A Picture Of External Health

India recorded a current-account surplus for the third year running in the fiscal year ending March 31 2003. BMI View: Despite a fast-rising import bill, exports of software services will keep the current account in the black for another year. Software services are now India's most valuable service-sector export.

India's external accounts remain a picture of health. In the fiscal year ending March 31 2003, India recorded a balance-of-payments surplus worth US$16,980mn. The surplus on the current account widened to widened to US$3,708mn or 0.7% of nominal GDP, compared with a revised surplus of US$782mn or 0.2% a year earlier. The deficit on the merchandise trade account was little changed at US$12,474mn, but the invisibles' surplus widened due to fast-rising earnings from software services and private transfers. The invisibles' surplus increased by US$2,296mn to US$16,182mn. India's foreign-exchange reserves have soared to all-time highs of more than US$80bn — sufficient to cover more than eight months' worth of imports of goods and services. Its stock of reserves is now the sixth largest in the world. Meanwhile, the rupee has strengthened rapidly against a weak US dollar. By August 15, it had appreciated 3.6% against the greenback since the beginning of the fiscal year, to trade at INR45.82/US$.

During the first three months of 2003/04, merchandise exports rose by 11.1% year-on-year (y-o-y) to US$13,147mn, and merchandise imports by 27.1% to US$17,328mn. Non-oil imports were worth US$12,510mn between April and June — a rise of 30.0%. Import growth will continue to outstrip that of exports this year, BMI believes. Demand for foreign-made goods will strengthen as the economy gathers pace, while falling import tariffs make those goods more affordable.

Finance Minister Jaswant Singh cut the peak rate of customs duty by five percentage points to 25% in the late February budget and announced a reduction in rates of excise duty. An appreciating rupee will also make foreign goods cheaper. On a balance-of-payments basis, we expect India's merchandise trade deficit to widen to US$15.935mn in 2003/04.

Services Lend Support — India's current account will nonetheless remain in the black for at least another year. Services exports are booming.

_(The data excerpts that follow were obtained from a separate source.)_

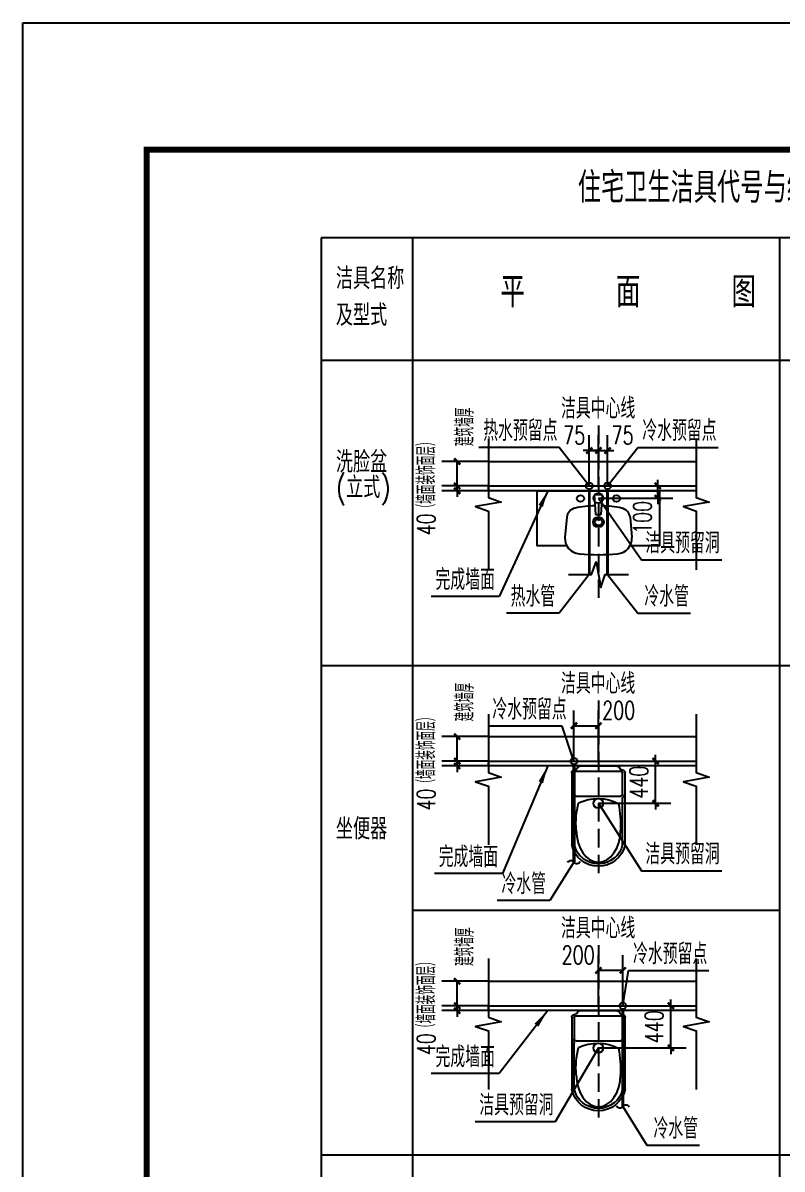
# Model space of a CAD drawing. Header units: millimetres. Extents: x 38494 to 103938, y -249777 to -227577.
# Drawn here: x 38494 to 45850, y -238673 to -227577 of the extents above; entities that cross this region are included whole.
import ezdxf

# ---------------------------------------------------------------- set-up
doc = ezdxf.new("R2010")
doc.units = ezdxf.units.MM
doc.header["$LTSCALE"] = 600
doc.linetypes.add('CENTER2', pattern=[1.125, 0.75, -0.125, 0.125, -0.125])
doc.linetypes.add('DASH', pattern=[0.35, 0.25, -0.1])
for name, color, linetype in [('01平-家具', 8, 'Continuous'), ('01平-洁具', 8, 'Continuous'), ('EQUIP_给水', 7, 'Continuous'), ('PIPE-热给水', 6, 'Continuous'), ('PIPE-给水', 3, 'Continuous'), ('TEXT', 7, 'Continuous'), ('TWT_DIM', 3, 'Continuous'), ('TWT_LEAD', 3, 'Continuous'), ('TWT_SYMB', 3, 'Continuous'), ('TWT_TEXT', 7, 'Continuous'), ('冷凝水', 4, 'Continuous'), ('散水', 150, 'Continuous')]:
    doc.layers.add(name, color=color, linetype=linetype)
doc.layers.add('LVTRY', color=6, linetype='Continuous', lineweight=9)
doc.styles.add('_TCH_DIM', font='SIMPLEX', dxfattribs={"bigfont": 'GBCBIG'})
doc.styles.add('_TCH_DIM_T3', font='SIMPLEX', dxfattribs={"width": 0.705882, "bigfont": 'GBCBIG'})
doc.styles.add('_TWT_PIPEDN', font='SIMPLEX', dxfattribs={"width": 0.8, "height": 3.5, "bigfont": 'HZTXT'})
doc.styles.add('gbenor+gbcbig', font='gbenor.shx', dxfattribs={"bigfont": 'gbcbig.shx'})
doc.styles.add('TSSD_NORMAL', font='tssdeng.shx', dxfattribs={"bigfont": 'tssdchn.shx'})
doc.dimstyles.new('_TWT_ARCH&&50', dxfattribs={"dimtxt": 148.75, "dimasz": 50, "dimexe": 125, "dimexo": 0, "dimgap": 63.125, "dimtad": 1, "dimdec": 0, "dimzin": 0, "dimdsep": 46, "dimtxsty": '_TCH_DIM_T3', "dimblk": 'ARCHTICK', "dimcen": 0.09, "dimclrt": 7, "dimazin": 2, "dimtfac": 1, "dimtdec": 0, "dimtix": 1, "dimtmove": 2, "dimatfit": 3, "dimfxl": 50, "dimtolj": 1, "dimtzin": 0, "dimarcsym": 0})

# ---------------------------------------------------------------- blocks, each defined once
blk = doc.blocks.new('A$C6F667AFB')
at = {"layer": '01平-家具'}
for p, q in [((465.9, 488.9), (476.9, 327.8)), ((534.1, 488.9), (465.9, 488.9)), ((523.1, 327.8), (534.1, 488.9)), ((241.1, 305.3), (226.1, 141.3)), ((476.9, 327.8), (523.1, 327.8)), ((758.9, 305.3), (773.9, 141.3))]:
    blk.add_line(p, q, dxfattribs=at)
blk.add_lwpolyline([(241.4, 72), (0, 72), (0, 522), (1000, 522), (1000, 72), (758.6, 72)], dxfattribs=at)
for centre in [(353, 458.7), (647, 458.7)]:
    blk.add_ellipse(centre, major_axis=(29.4, 0), ratio=0.938776, dxfattribs=at)
for centre, major_axis, start_param, end_param in [((329.1, 299.6), (88.2, 0), 1.78785, 3.072696), ((500, -428.1), (-882, 0), -1.539069, -1.353743), ((500, -428.1), (882, 0), 1.353743, 1.539069), ((670.9, 299.6), (-88.2, 0), 3.21049, 4.495336), ((500, 265.5), (-44.1, 0), 1.570796326830566, 7.853981634010152), ((500, 265.5), (-29.4, 0), 1.570796326809947, 7.853981633989534), ((358, 130.8), (-132.3, 0), -0.08511, 1.468112), ((642, 130.8), (132.3, 0), -1.468112, 0.08511), ((500, 1424.7), (-1517.9, 0), 1.468112, 1.673481)]:
    blk.add_ellipse(centre, major_axis=major_axis, ratio=0.938776, start_param=start_param, end_param=end_param, dxfattribs=at)
blk = doc.blocks.new('16#给排水专业全部施工图20170220-座厕')
at = {"layer": '01平-洁具'}
for p, q in [((31.8, 194.1), (31.8, 195)), ((54.8, 218), (642.9, 218)), ((0, 149.7), (0, -149.7)), ((41.7, 184.1), (41.7, -184.4)), ((246, 184.1), (246, -184.4)), ((31.8, -195), (31.8, -194.1)), ((642.9, -218), (54.8, -218))]:
    blk.add_line(p, q, dxfattribs=at)
at = {"layer": '01平-洁具', "color": 8}
for p, q in [((641.6, 198), (266.1, 197.7)), ((641.9, -198), (266.3, -198))]:
    blk.add_line(p, q, dxfattribs=at)
at = {"layer": '01平-洁具'}
for points in [[(53.3, 197.6, -0.132715), (54.8, 198), (231.8, 198)], [(232.9, -198), (54.8, -198, -0.068228), (54, -197.9, -0.068228)]]:
    blk.add_lwpolyline(points, format="xyb", dxfattribs=at)
for centre, radius, start, end in [((9.5, 194.6), 22.3, 287.84896, 1.14073), ((54.8, 195), 23, 90, 180), ((56.9, 182.8), 15.3, 86.09142, 175.04226), ((230.8, 182.8), 15.3, 4.95774, 93.90858), ((597.3, 0), 222.7, 281.8275, 78.1725), ((23.9, 150.6), 23.9, 108.40504, 182.16329), ((23.9, -150.6), 23.9, 177.83671, 251.59496), ((9.5, -194.6), 22.3, 358.85927, 72.15104), ((56.4, -183.4), 14.7, 184.04332, 276.21872), ((231.3, -183.4), 14.7, 263.78128, 355.95668), ((54.8, -195), 23, 180, 270)]:
    blk.add_arc(centre, radius, start, end, dxfattribs=at)
at = {"layer": '01平-洁具', "color": 8}
for centre, radius, start, end in [((266, 217.7), 20, 180.08849, 270.08848), ((597.3, 0), 202.7, 281.8275, 78.1725), ((640.4, 3.5), 373.9, 154.67272, 206.81771), ((465.2, -484.7), 668.2, 84.89639, 104.09898), ((500.3, 949.4), 1131.3, 260.15073, 271.23493), ((266.3, -218), 20, 90, 180)]:
    blk.add_arc(centre, radius, start, end, dxfattribs=at)
at = {"layer": '01平-洁具', "color": 8, "extrusion": (0, 0, -1)}
blk.add_ellipse((519.7, -0.4), major_axis=(266.7, 0.4), ratio=0.679746, start_param=-1.551025, end_param=1.553127, dxfattribs=at)
blk = doc.blocks.new('$TwtSys$00000132')
at = {"elevation": 0}
blk.add_lwpolyline([(7, -101, -0.575183), (0, 0, 0.604745), (-11, 101, 16.924828)], format="xyb", dxfattribs=at)
blk = doc.blocks.new('_ArchTick')
at = {"color": 0, "linetype": 'ByBlock', "const_width": 0.4}
blk.add_lwpolyline([(-0.5, -0.5), (0.5, 0.5)], dxfattribs=at)
blk = doc.blocks.new('*D28')
at = {"layer": 'Defpoints', "color": 0, "transparency": 16777216}
for p in [(1006799.3, 446460), (1006724.3, 446170.5), (1006799.3, 446170.5)]:
    blk.add_point(p, dxfattribs=at)
at = {"layer": 'TWT_DIM', "color": 0, "lineweight": -2, "transparency": 16777216}
for p, q in [((1006724.3, 446170.5), (1006724.3, 446585)), ((1006799.3, 446170.5), (1006799.3, 446585)), ((1006724.3, 446460), (1006674.3, 446460)), ((1006724.3, 446460), (1006799.3, 446460)), ((1006799.3, 446460), (1006849.3, 446460))]:
    blk.add_line(p, q, dxfattribs=at)
at = {"layer": 'TWT_DIM', "color": 0, "lineweight": -2, "transparency": 16777216, "xscale": 50, "yscale": 50, "zscale": 50}
blk.add_blockref('_ArchTick', (1006724.3, 446460), dxfattribs=at)
at = {"layer": 'TWT_DIM', "color": 0, "lineweight": -2, "transparency": 16777216, "xscale": 50, "yscale": 50, "zscale": 50, "rotation": 180}
blk.add_blockref('_ArchTick', (1006799.3, 446460), dxfattribs=at)
at = {"layer": 'TWT_DIM', "color": 7, "transparency": 16777216, "insert": (1006922.1, 446585), "char_height": 148.75, "attachment_point": 5, "style": '_TCH_DIM_T3'}
blk.add_mtext('\\A1;75', dxfattribs=at)
blk = doc.blocks.new('*D29')
at = {"layer": 'Defpoints', "color": 0, "transparency": 16777216}
for p in [(1006724.3, 446460), (1006649.3, 446170.5), (1006724.3, 446170.5)]:
    blk.add_point(p, dxfattribs=at)
at = {"layer": 'TWT_DIM', "color": 0, "lineweight": -2, "transparency": 16777216}
for p, q in [((1006649.3, 446170.5), (1006649.3, 446585)), ((1006724.3, 446170.5), (1006724.3, 446585)), ((1006649.3, 446460), (1006599.3, 446460)), ((1006649.3, 446460), (1006724.3, 446460)), ((1006724.3, 446460), (1006774.3, 446460))]:
    blk.add_line(p, q, dxfattribs=at)
at = {"layer": 'TWT_DIM', "color": 0, "lineweight": -2, "transparency": 16777216, "xscale": 50, "yscale": 50, "zscale": 50}
blk.add_blockref('_ArchTick', (1006649.3, 446460), dxfattribs=at)
at = {"layer": 'TWT_DIM', "color": 0, "lineweight": -2, "transparency": 16777216, "xscale": 50, "yscale": 50, "zscale": 50, "rotation": 180}
blk.add_blockref('_ArchTick', (1006724.3, 446460), dxfattribs=at)
at = {"layer": 'TWT_DIM', "color": 7, "transparency": 16777216, "insert": (1006526.4, 446585), "char_height": 148.75, "attachment_point": 5, "style": '_TCH_DIM_T3'}
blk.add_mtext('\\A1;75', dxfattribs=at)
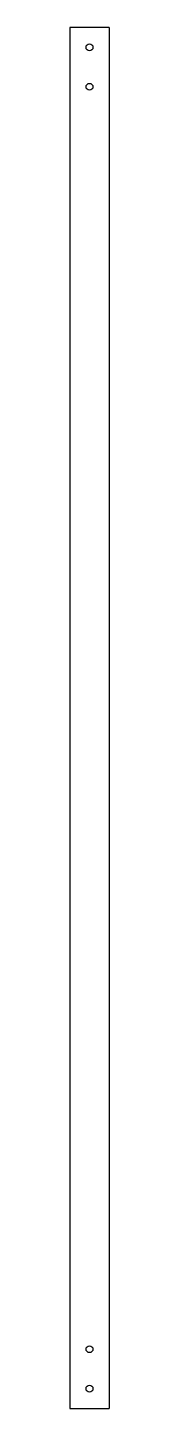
# Model space of a CAD drawing. Header units: millimetres. Extents: x -400 to -380, y -410 to 290.
import ezdxf

# ---------------------------------------------------------------- set-up
doc = ezdxf.new("R2010")
doc.units = ezdxf.units.MM

msp = doc.modelspace()

# ---------------------------------------------------------------- linework, layer by layer
at = {"color": 7, "linetype": 'Continuous', "lineweight": 25}
for p, q in [((-380, 290), (-400, 290)), ((-400, 290), (-400, -410)), ((-380, 290), (-380, -410)), ((-400, -410), (-380, -410))]:
    msp.add_line(p, q, dxfattribs=at)
for centre in [(-390, 280), (-390, 260), (-390, -380), (-390, -400)]:
    msp.add_circle(centre, 1.75, dxfattribs=at)

doc.saveas('drawing.dxf')

Last year, exports of software services rose 27.1% to US$9,600mn. They are now India's most valuable services export, worth nearly 40% of total receipts. Service-sector exporters will benefit from a series of tax concessions this year under revisions to the export-import (EXIM) strategy announced by Commerce Minister Arun Jaitley in late March. Exporters earning more than INR 1 mn in foreign exchange yearly are entitled to import a raft of goods free of duty. The EXIM strategy is aimed at lifting India's share of world trade to 1.00% by 2007/08 from the present 0.67%. Private transfers or remittances from Indian contract workers abroad will also support the current account in 2003/04. They rose 21.5% last year to US$14,815mn.

With foreign reserves at all-time highs, India is now moving ahead with its decade-old policy of capital-account liberalisation. The rupee is fully convertible on the current account, but only partially convertible on the capital account. A series of exchange controls have been eased or removed outright in a bid to encourage overseas investment — a far more efficient use of resources than simply accumulating ever-greater reserves.

In January, Finance Minister Singh doubled the ceiling on Indian mutual funds' investment in overseas stocks to US$1 bn, and allowed Indian companies and individuals to invest in foreign-listed firms holding a stake of at least 10% in an Indian company. He also scrapped the US$20,000 limit on remittances via employee stock options. Earlier, the Reserve Bank of India (RBI) had doubled the amount of foreign exchange Indian residents could take on visits abroad to US$10,000. It also permitted them to deposit foreign currency obtained abroad in domestic current accounts. Further liberalisation measures are likely this year. Full capital-account convertibility, however, remains some way off.